Hello, and welcome to Paper of the Day (Po’D): Multiscale MFCCs Edition. Today’s paper is extremely new: B. L. Sturm, M. Morvidone, and L. Daudet, “Musical Instrument Identification using Multiscale Mel-frequency Cepstral Coefficients,” Proc. EUSIPCO, Aalborg, Denmark, Aug. 2010. (A similar paper, though more concentrated on using sparse approximation by matching pursuit, will be published later this year: M. Morvidone, B. L. Sturm, and L. Daudet, “Incorporating scale information with cepstral features: experiments on musical instrument recognition,” Patt. Recgn. Lett., 2010 (in press).)
NB: I am related to the first author of this paper.

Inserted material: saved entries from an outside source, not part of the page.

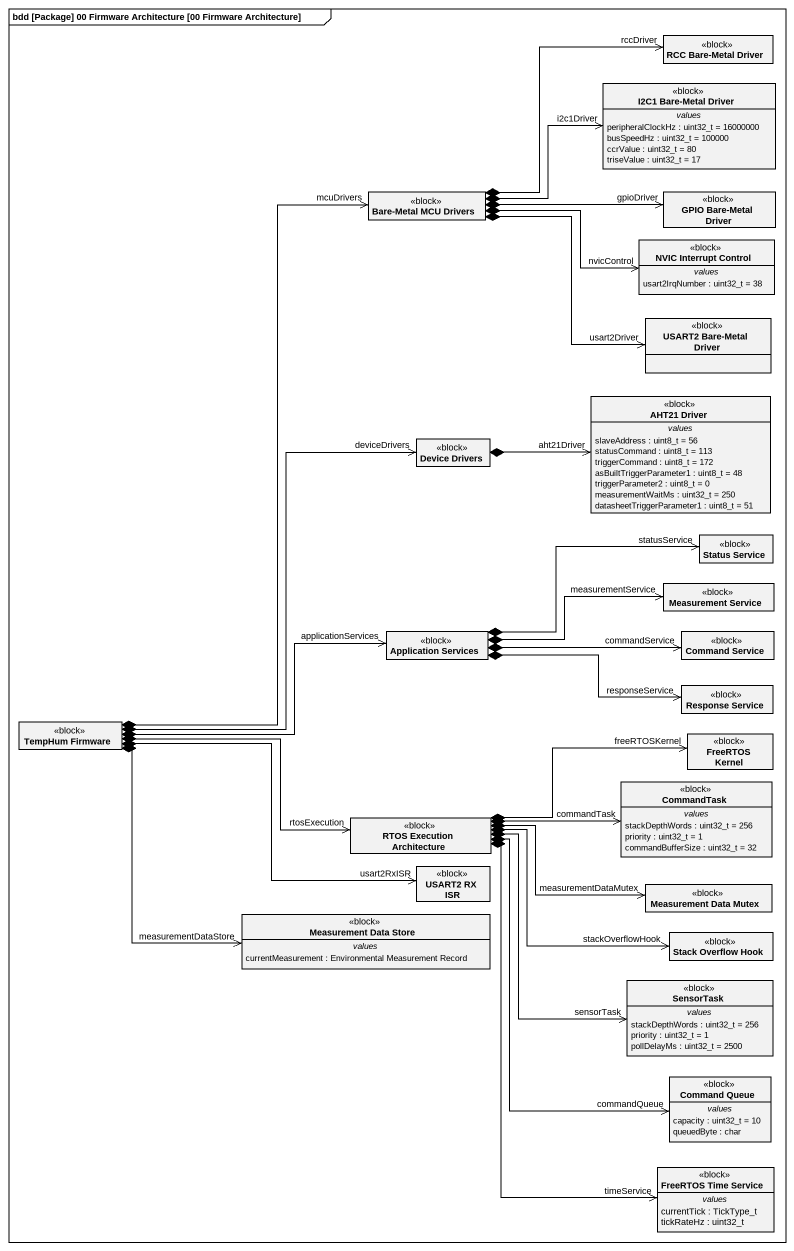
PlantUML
@startuml
mainframe bdd [Package] 00 Firmware Architecture [00 Firmware Architecture]
hide circle
hide empty members
class "RCC Bare-Metal Driver" as RCC_Bare_Metal_Driver <<block>>
class "I2C1 Bare-Metal Driver" as I2C1_Bare_Metal_Driver <<block>> {
  -- values --
  peripheralClockHz : uint32_t = 16000000
  busSpeedHz : uint32_t = 100000
  ccrValue : uint32_t = 80
  triseValue : uint32_t = 17
}
class "Bare-Metal MCU Drivers" as Bare_Metal_MCU_Drivers <<block>>
class "GPIO Bare-Metal Driver" as GPIO_Bare_Metal_Driver <<block>>
class "NVIC Interrupt Control" as NVIC_Interrupt_Control <<block>> {
  -- values --
  usart2IrqNumber : uint32_t = 38
}
class "USART2 Bare-Metal Driver" as USART2_Bare_Metal_Driver <<block>>
class "AHT21 Driver" as AHT21_Driver <<block>> {
  -- values --
  slaveAddress : uint8_t = 56
  statusCommand : uint8_t = 113
  triggerCommand : uint8_t = 172
  asBuiltTriggerParameter1 : uint8_t = 48
  triggerParameter2 : uint8_t = 0
  measurementWaitMs : uint32_t = 250
  datasheetTriggerParameter1 : uint8_t = 51
}
class "Device Drivers" as Device_Drivers <<block>>
class "Status Service" as Status_Service <<block>>
class "Measurement Service" as Measurement_Service <<block>>
class "Application Services" as Application_Services <<block>>
class "Command Service" as Command_Service <<block>>
class "Response Service" as Response_Service <<block>>
class "TempHum Firmware" as TempHum_Firmware <<block>>
class "FreeRTOS Kernel" as FreeRTOS_Kernel <<block>>
class "RTOS Execution Architecture" as RTOS_Execution_Architecture <<block>>
class CommandTask <<block>> {
  -- values --
  stackDepthWords : uint32_t = 256
  priority : uint32_t = 1
  commandBufferSize : uint32_t = 32
}
class "USART2 RX ISR" as USART2_RX_ISR <<block>>
class "Measurement Data Mutex" as Measurement_Data_Mutex <<block>>
class "Measurement Data Store" as Measurement_Data_Store <<block>> {
  -- values --
  currentMeasurement : Environmental Measurement Record
}
class "Stack Overflow Hook" as Stack_Overflow_Hook <<block>>
class SensorTask <<block>> {
  -- values --
  stackDepthWords : uint32_t = 256
  priority : uint32_t = 1
  pollDelayMs : uint32_t = 2500
}
class "Command Queue" as Command_Queue <<block>> {
  -- values --
  capacity : uint32_t = 10
  queuedByte : char
}
class "FreeRTOS Time Service" as FreeRTOS_Time_Service <<block>> {
  -- values --
  currentTick : TickType_t
  tickRateHz : uint32_t
}
RCC_Bare_Metal_Driver "rccDriver" <-left-* Bare_Metal_MCU_Drivers
I2C1_Bare_Metal_Driver "i2c1Driver" <-left-* Bare_Metal_MCU_Drivers
GPIO_Bare_Metal_Driver "gpioDriver" <-left-* Bare_Metal_MCU_Drivers
NVIC_Interrupt_Control "nvicControl" <-left-* Bare_Metal_MCU_Drivers
USART2_Bare_Metal_Driver "usart2Driver" <-left-* Bare_Metal_MCU_Drivers
AHT21_Driver "aht21Driver" <-left-* Device_Drivers
Status_Service "statusService" <-left-* Application_Services
Measurement_Service "measurementService" <-left-* Application_Services
Command_Service "commandService" <-left-* Application_Services
Response_Service "responseService" <-left-* Application_Services
TempHum_Firmware *-up-> "mcuDrivers" Bare_Metal_MCU_Drivers
TempHum_Firmware *-up-> "deviceDrivers" Device_Drivers
TempHum_Firmware *-right-> "applicationServices" Application_Services
TempHum_Firmware *-right-> "rtosExecution" RTOS_Execution_Architecture
FreeRTOS_Kernel "freeRTOSKernel" <-left-* RTOS_Execution_Architecture
CommandTask "commandTask" <-left-* RTOS_Execution_Architecture
USART2_RX_ISR "usart2RxISR" <-left-* TempHum_Firmware
Measurement_Data_Mutex "measurementDataMutex" <-left-* RTOS_Execution_Architecture
Measurement_Data_Store "measurementDataStore" <-up-* TempHum_Firmware
Stack_Overflow_Hook "stackOverflowHook" <-left-* RTOS_Execution_Architecture
SensorTask "sensorTask" <-up-* RTOS_Execution_Architecture
Command_Queue "commandQueue" <-up-* RTOS_Execution_Architecture
FreeRTOS_Time_Service "timeService" <-up-* RTOS_Execution_Architecture
@enduml

A few times already on this blog we have broached the subject of Mel-frequency Cepstral Coefficients (MFCCs) for audio and music signal processing, and specifically, recognition tasks:
- Paper of the Day (Po’D): Music Genre Classification Edition
- Paper of the Day (Po’D): Environmental Sound Recognition with Time-frequency Features Edition
- Paper of the Day (Po’D): Bags of Frames of Features Edition
- Paper of the Day (Po’D): Experiments in Audio Similarity Edition
This study considers early and late fusion strategies of MFCC features, such as modeling series of MFCCs by an autoregressive process, for classifying music genre.
This study looks at combining MFCC features with simple features from greedy sparse approximation for recognizing different environments (as in a robotic listener).
This study hints at a mediocre performance limit expected when using bags of frames of features, including MFCCs, for music signal processing.
And finally, this collection of studies looks in controlled and realistic ways at how MFCCs perform in several tasks, such as instrument classification.
In today’s Po’D, for musical instrument recognition (both discrimination and classification), the authors set aside the negative aspects of using bags of frames of features (BFFs), and the non-linear computation of MFCCs, and instead look at how the performance of MFCCs computed at a single scale can be improved by incorporating some notion of scale. In a sense the authors ask, “Though BFFs of MFCCs appear to have a performance limit for polyphonic musical signals, how much improvement can we expect by considering phenomena over multiple time scales?” (After all, BFFs of MFCCs are so easy to compute, and so easy to understand on a conceptual level.)
For some signal, the authors essentially build a two-dimensional array of mean MFCC amplitudes for each window size. This array, called a “multiscale MFCC” (MSMFCC), acts like a BFF (or histogram) in that it is a higher-level collection of lower-level features. The authors propose to remove redundancy in the scale direction of each coefficient by performing a DCT on each set of cepstral coefficients, which finally results in what the authors call, “OverCs.” From these arrays of features, the authors create feature vectors by selecting 20 coefficient values (the same 20 for every signal class) so as to capture information about power spectral distribution, and the coefficient dependence upon scale.
The authors compare the performance of these features with other BFFs created by combining MFCCs, delta MFCCs, and delta delta MFCCs. (They performed no automatic feature selection.) The authors ran two different kinds of tasks: pairwise instrument discrimination, and instrument classification. Their dataset consists of 2,755 five-second monophonic signals which are excerpted from real musical recordings, such as commercial CDs. All signals were of solo instruments from seven classes: clarinet, cello, guitar, oboe, piano, trumpet, and violin. (What makes this dataset unique is that it contains many extended techniques of the instruments found in real music, such as double and triple stops, overtones, bending of notes, etc.) From this database, the authors separated signals into training and testing, and build a two-class or seven-class support vector machine (five-fold cross validation, with parameters set by a grid search approach).
The top part of the table above shows their mean results for the pairwise discrimination task from 100 independently run tests for 49 realizations of each instrument pair (100*49*7 choose 2 = 102,900 tests in total). Features 1-3 are computed using a single window size (46.4 ms) and hop (23.2 ms); features 4-7 are computed using eight window sizes (2.9 ms – 372 ms) and hops of half their duration. The authors find that the four best results are given by the features that take scale into account. The bottom part of the table are the mean results for 100 independently run tests for 49 realizations of training and testing data from each instrument class (10*49*7 = 34,300 tests in total) shows that for a seven instrument classifier, the multiscale features can be significantly better for the task than the monoresolution features. Thus, we see that at least in this rather limited dataset and task, scaling information helps.
That is essentially where the authors stop, but my curiosity is piqued. What is really going on here, that we can take a bunch of MFCCs computed over very short time scales, and combine them with MFCCs computed over very long time scales, and build a better monophonic musical instrument classifier? Next stop, what happens with polyphonic recordings and no source separation? I predict that the problems associated with the non-linearity of the MFCCs will be multiplied needlessly to create BFFs of multiscale MFCCs that performs no better than BFFs of monoresolution MFCCs in the task of musical instrument classification. But, I am always up for a surprise.